*** Begin section ***
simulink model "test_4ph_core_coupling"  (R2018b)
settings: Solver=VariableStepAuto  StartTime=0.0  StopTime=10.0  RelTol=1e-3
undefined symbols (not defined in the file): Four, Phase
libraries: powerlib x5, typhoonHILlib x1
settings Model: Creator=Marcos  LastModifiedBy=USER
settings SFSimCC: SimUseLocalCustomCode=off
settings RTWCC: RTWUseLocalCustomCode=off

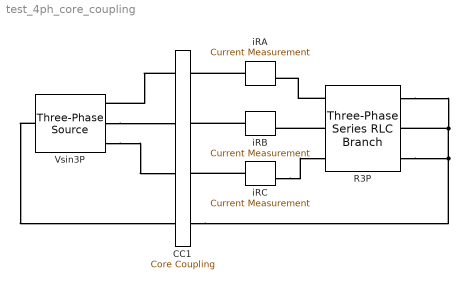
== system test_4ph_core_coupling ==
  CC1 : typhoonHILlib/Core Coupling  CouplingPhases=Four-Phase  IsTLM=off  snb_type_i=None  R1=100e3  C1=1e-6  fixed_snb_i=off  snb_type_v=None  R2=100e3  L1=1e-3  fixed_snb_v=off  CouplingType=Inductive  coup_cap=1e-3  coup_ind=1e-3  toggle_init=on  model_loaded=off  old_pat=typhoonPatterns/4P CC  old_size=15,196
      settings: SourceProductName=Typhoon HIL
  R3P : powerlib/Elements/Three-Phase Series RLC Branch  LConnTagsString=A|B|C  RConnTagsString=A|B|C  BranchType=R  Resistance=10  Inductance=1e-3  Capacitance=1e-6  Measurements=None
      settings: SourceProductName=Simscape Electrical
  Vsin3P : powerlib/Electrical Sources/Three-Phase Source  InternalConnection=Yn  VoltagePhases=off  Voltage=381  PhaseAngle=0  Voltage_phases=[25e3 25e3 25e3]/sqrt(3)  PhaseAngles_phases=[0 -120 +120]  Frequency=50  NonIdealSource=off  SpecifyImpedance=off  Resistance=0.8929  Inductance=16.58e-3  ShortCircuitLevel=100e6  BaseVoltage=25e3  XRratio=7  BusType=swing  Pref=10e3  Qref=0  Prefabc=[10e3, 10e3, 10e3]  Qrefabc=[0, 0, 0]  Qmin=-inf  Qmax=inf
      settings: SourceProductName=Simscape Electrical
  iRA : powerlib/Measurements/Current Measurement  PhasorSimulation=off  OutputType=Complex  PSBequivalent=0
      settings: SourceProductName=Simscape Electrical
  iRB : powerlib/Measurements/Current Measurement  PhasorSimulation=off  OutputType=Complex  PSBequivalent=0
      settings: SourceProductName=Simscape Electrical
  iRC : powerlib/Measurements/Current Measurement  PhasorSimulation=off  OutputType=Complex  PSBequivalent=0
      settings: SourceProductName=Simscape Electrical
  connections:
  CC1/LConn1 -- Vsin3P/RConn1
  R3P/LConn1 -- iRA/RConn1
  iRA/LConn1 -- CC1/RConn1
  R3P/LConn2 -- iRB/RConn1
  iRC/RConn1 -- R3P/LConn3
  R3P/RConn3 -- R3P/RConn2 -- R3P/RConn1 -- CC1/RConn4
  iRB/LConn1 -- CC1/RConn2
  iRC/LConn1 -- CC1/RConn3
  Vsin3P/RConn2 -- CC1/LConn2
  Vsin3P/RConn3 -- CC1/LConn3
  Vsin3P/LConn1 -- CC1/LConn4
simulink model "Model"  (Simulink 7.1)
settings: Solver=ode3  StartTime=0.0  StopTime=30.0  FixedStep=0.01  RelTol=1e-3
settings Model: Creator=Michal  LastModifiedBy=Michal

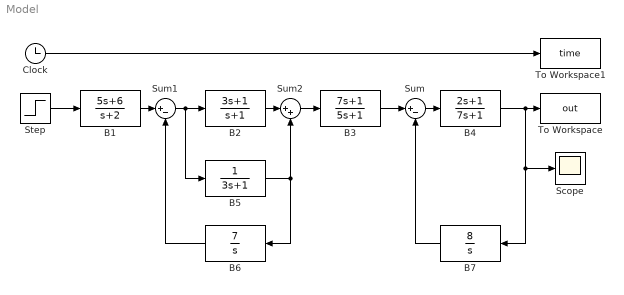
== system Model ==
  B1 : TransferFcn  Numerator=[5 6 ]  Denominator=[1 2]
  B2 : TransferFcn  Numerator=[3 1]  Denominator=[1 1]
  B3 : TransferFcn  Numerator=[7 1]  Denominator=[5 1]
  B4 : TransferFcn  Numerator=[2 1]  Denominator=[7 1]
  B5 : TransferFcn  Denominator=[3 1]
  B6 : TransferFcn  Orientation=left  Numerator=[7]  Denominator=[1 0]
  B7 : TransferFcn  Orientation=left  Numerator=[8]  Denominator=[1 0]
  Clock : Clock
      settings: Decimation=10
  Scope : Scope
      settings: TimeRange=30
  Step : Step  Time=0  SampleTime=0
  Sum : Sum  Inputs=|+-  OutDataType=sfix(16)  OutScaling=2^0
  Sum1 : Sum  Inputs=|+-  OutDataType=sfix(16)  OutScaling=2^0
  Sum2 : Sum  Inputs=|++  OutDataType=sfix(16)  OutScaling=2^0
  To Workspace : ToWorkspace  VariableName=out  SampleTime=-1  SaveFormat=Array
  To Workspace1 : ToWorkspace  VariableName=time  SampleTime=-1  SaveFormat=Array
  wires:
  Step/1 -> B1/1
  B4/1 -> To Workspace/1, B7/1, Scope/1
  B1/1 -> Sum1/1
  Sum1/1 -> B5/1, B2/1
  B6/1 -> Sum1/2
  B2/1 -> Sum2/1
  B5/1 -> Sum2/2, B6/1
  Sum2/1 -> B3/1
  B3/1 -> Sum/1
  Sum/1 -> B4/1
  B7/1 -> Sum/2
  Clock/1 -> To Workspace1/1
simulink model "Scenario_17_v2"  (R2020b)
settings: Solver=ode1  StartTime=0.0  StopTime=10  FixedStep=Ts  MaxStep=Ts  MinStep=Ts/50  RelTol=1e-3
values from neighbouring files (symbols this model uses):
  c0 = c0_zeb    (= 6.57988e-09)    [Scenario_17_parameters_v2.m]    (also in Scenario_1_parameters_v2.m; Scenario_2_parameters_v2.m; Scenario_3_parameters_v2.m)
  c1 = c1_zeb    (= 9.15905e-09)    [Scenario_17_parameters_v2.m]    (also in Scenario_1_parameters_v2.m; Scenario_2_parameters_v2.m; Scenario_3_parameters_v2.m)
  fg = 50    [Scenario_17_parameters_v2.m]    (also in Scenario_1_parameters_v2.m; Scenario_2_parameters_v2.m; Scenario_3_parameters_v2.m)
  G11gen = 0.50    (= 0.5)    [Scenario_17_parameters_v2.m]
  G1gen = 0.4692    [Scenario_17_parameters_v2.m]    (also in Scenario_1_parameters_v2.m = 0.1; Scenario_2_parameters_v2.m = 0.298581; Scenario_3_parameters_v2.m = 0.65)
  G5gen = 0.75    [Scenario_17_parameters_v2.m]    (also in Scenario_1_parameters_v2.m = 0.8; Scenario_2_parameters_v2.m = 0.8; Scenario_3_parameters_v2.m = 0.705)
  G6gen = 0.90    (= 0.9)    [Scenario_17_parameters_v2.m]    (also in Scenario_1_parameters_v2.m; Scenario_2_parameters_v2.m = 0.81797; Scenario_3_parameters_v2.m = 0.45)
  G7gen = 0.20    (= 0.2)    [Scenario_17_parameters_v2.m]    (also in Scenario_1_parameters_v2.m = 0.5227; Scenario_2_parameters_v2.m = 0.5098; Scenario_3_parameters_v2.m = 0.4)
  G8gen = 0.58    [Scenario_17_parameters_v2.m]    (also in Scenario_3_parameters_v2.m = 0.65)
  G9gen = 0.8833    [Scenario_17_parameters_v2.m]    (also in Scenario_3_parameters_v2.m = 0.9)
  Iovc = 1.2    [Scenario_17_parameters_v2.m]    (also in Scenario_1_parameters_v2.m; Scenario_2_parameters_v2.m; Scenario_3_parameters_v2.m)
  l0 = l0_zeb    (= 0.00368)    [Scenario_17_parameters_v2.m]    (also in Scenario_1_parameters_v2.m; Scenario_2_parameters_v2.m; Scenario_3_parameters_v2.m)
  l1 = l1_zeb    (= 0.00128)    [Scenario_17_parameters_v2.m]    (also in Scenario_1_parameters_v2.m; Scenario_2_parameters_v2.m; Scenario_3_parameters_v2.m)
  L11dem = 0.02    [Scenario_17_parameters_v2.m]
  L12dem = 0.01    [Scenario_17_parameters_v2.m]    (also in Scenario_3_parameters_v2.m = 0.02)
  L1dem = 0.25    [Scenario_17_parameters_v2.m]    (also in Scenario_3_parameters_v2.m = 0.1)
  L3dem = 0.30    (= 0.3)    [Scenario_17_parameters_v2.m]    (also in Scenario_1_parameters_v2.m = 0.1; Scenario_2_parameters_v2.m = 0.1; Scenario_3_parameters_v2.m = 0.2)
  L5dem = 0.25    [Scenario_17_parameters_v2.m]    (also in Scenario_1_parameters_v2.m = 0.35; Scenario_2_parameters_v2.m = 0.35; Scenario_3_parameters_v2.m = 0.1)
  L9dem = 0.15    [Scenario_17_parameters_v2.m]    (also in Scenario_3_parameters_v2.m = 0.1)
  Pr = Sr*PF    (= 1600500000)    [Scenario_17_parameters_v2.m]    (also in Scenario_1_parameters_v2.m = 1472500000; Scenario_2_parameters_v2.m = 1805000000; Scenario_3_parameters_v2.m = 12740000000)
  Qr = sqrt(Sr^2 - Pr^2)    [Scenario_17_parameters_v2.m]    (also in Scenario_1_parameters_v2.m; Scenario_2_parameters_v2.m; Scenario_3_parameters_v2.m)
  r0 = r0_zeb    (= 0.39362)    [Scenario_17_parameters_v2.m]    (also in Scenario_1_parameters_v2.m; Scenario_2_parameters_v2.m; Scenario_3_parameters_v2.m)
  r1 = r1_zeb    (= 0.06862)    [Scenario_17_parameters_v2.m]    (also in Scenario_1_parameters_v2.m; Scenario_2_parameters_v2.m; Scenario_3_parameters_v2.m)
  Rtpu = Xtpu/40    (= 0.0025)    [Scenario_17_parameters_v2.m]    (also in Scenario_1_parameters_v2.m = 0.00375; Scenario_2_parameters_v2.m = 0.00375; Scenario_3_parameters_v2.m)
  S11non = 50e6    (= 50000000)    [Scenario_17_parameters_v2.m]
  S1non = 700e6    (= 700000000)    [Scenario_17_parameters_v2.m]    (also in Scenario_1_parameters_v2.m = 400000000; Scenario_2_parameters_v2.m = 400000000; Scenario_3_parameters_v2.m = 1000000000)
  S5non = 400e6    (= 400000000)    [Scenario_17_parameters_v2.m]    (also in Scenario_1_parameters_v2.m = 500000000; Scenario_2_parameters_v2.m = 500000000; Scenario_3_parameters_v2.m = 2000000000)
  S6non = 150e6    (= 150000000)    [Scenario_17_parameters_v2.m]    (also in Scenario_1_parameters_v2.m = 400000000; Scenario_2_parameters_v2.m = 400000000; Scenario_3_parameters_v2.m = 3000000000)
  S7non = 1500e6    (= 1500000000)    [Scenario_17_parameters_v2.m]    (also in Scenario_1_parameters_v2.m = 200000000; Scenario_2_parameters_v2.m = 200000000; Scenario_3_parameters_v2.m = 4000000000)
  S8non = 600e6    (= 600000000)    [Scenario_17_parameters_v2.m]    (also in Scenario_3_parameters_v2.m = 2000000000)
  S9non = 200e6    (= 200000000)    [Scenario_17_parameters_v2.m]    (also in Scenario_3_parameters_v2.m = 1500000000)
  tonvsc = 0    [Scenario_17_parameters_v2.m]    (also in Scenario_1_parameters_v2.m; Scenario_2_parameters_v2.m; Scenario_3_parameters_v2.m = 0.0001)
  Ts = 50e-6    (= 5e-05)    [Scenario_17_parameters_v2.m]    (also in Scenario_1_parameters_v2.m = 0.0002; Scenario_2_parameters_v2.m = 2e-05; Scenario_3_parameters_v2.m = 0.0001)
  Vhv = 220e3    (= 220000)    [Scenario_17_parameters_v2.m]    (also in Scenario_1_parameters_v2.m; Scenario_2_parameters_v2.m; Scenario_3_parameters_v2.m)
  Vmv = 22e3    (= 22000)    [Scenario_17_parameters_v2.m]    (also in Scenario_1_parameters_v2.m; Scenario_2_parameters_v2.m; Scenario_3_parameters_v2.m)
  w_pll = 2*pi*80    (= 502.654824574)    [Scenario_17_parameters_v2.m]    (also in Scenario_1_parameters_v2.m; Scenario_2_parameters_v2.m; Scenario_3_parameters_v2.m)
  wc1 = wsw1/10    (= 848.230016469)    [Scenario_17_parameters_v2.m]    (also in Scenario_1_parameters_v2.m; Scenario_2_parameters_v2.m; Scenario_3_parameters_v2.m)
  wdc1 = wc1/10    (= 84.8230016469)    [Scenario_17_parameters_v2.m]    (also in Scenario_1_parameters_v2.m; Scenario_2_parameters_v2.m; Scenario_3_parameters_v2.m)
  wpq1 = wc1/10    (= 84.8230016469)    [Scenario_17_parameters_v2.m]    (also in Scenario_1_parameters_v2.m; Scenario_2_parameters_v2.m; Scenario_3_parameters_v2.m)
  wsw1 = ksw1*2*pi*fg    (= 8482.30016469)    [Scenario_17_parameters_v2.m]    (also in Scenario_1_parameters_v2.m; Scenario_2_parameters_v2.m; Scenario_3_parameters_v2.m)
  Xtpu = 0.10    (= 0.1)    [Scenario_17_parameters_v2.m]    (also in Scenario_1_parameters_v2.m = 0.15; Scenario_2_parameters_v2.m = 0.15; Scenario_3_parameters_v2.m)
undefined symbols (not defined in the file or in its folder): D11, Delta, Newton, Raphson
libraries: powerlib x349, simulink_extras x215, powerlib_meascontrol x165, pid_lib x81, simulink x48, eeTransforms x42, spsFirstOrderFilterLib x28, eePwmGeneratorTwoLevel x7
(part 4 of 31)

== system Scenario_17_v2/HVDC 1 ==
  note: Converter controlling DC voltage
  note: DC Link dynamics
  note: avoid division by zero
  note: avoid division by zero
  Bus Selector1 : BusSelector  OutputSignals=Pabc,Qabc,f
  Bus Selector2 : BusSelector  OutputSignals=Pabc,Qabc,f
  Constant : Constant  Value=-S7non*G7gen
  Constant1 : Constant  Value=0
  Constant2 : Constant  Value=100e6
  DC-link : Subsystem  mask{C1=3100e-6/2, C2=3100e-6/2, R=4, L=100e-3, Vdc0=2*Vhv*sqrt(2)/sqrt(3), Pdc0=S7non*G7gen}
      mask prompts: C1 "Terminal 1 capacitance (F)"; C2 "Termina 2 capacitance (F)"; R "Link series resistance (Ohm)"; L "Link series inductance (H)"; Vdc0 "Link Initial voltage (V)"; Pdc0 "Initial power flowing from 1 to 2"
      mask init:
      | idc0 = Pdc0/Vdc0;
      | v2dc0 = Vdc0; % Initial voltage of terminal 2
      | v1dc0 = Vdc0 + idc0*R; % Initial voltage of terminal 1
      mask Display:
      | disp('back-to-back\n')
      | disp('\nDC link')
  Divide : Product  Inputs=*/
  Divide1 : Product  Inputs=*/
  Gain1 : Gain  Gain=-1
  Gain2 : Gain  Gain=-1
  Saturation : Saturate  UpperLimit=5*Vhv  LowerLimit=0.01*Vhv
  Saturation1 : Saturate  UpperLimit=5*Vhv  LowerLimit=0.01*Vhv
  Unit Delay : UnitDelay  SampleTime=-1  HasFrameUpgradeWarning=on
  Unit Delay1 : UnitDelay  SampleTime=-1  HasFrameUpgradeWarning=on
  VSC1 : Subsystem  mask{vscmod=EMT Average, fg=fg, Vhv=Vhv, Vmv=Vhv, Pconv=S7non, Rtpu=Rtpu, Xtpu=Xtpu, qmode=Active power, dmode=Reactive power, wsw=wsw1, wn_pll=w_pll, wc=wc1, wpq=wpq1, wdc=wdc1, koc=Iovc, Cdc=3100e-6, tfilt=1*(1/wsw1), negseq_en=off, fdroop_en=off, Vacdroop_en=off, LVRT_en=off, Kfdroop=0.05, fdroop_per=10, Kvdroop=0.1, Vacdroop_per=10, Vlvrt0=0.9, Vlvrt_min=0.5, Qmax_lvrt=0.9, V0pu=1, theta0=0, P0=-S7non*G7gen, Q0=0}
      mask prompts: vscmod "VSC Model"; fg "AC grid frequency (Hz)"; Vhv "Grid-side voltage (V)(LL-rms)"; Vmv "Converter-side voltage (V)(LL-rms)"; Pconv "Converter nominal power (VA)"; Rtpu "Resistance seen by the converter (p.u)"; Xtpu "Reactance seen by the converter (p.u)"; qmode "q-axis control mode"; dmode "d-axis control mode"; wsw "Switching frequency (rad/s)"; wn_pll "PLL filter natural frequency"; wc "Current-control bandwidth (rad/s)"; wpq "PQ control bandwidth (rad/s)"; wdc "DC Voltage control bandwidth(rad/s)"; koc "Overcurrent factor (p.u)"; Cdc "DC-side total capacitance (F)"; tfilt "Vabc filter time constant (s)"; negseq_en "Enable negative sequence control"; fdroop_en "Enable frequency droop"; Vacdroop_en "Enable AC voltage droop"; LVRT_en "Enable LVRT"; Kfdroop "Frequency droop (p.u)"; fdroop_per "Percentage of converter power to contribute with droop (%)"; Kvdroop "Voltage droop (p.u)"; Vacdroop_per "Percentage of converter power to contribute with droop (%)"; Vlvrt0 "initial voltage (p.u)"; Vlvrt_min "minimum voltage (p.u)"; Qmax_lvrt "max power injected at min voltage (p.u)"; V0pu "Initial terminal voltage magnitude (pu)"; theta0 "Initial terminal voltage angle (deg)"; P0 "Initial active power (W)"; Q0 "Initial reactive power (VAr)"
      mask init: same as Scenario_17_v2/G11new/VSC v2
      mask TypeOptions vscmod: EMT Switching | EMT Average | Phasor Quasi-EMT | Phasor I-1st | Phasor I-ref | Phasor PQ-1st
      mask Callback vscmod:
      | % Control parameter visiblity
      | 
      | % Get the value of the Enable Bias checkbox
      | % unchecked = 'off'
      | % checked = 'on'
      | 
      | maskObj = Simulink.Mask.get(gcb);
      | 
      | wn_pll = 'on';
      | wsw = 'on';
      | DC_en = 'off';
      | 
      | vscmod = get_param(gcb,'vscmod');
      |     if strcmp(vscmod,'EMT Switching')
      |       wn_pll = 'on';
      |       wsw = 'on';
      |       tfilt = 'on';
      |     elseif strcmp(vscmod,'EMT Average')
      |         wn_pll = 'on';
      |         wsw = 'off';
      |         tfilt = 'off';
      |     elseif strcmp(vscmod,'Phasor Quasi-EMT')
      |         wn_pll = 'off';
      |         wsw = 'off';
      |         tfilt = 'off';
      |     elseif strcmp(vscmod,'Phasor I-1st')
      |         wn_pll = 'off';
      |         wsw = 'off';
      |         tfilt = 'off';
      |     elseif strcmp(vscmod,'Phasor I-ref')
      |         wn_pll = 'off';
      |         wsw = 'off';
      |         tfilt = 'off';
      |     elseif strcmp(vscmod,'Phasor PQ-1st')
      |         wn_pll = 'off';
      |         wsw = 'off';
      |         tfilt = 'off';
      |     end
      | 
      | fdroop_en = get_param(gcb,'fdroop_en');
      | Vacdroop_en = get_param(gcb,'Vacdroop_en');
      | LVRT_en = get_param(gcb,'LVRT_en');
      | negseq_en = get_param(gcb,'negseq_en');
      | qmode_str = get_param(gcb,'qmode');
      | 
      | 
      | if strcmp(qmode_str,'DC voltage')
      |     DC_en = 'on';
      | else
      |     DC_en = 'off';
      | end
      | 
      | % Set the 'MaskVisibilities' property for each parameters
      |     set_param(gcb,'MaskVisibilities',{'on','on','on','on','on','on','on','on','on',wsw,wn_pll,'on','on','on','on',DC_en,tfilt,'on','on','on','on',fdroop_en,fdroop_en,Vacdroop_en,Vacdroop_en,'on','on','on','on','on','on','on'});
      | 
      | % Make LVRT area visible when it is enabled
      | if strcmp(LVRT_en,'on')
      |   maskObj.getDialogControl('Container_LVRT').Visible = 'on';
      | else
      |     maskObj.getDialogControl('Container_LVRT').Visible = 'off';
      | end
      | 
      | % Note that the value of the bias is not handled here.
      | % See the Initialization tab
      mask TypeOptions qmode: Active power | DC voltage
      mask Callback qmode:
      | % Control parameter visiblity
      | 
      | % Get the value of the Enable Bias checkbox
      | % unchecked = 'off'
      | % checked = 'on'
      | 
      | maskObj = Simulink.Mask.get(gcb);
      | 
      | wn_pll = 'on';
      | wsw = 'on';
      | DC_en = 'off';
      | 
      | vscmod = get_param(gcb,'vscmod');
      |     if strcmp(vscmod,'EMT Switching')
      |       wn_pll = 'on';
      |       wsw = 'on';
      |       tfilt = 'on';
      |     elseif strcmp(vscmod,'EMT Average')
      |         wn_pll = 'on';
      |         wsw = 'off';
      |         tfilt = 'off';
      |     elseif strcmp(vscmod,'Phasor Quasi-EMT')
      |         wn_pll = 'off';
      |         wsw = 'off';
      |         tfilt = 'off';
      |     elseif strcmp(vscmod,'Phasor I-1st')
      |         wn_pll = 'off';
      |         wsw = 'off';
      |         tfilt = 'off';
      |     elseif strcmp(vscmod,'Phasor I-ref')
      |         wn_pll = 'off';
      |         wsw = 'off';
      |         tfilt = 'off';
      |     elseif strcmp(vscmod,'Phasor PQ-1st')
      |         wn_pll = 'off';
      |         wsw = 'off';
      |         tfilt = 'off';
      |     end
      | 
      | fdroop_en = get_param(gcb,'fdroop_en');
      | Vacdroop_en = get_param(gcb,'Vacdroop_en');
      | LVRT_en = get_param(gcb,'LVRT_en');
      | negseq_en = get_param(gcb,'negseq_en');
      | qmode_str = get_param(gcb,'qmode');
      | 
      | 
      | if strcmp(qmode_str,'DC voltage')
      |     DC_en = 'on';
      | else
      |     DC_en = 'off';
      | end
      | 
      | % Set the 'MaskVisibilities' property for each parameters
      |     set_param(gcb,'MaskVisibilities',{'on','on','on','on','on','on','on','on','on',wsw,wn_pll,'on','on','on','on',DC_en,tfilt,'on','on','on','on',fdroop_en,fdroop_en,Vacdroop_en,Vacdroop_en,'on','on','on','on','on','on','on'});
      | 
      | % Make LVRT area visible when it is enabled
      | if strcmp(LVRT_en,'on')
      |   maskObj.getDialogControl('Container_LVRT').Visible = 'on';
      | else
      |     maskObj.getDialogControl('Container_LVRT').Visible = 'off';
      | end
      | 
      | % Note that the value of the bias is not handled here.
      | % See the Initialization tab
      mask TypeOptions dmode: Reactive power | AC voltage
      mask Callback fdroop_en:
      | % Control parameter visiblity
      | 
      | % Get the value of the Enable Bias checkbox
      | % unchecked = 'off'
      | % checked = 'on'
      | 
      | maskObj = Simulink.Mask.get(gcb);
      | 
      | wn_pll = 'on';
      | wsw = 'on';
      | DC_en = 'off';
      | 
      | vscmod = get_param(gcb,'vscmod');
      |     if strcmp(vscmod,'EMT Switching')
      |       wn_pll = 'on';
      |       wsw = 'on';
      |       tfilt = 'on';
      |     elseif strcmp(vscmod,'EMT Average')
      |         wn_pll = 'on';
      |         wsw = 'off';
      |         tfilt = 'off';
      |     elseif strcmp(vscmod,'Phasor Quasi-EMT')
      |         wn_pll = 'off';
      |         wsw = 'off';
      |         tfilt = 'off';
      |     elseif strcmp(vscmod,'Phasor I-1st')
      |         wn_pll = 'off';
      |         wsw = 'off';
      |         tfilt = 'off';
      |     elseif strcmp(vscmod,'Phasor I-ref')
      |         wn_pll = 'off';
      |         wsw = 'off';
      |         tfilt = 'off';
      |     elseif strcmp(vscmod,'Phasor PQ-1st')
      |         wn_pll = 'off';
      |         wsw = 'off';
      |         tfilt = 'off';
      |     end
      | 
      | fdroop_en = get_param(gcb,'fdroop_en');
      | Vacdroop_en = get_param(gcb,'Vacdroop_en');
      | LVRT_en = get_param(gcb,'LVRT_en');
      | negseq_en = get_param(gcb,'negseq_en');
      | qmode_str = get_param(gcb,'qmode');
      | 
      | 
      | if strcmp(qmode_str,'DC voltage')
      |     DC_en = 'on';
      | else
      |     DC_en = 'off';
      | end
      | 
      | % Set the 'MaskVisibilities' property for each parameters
*** End section ***
_Your task:_
From the listing above, return every line that carries the string "Numerator".

_Written solution:_
  B1 : TransferFcn  Numerator=[5 6 ]  Denominator=[1 2]
  B2 : TransferFcn  Numerator=[3 1]  Denominator=[1 1]
  B3 : TransferFcn  Numerator=[7 1]  Denominator=[5 1]
  B4 : TransferFcn  Numerator=[2 1]  Denominator=[7 1]
  B6 : TransferFcn  Orientation=left  Numerator=[7]  Denominator=[1 0]
  B7 : TransferFcn  Orientation=left  Numerator=[8]  Denominator=[1 0]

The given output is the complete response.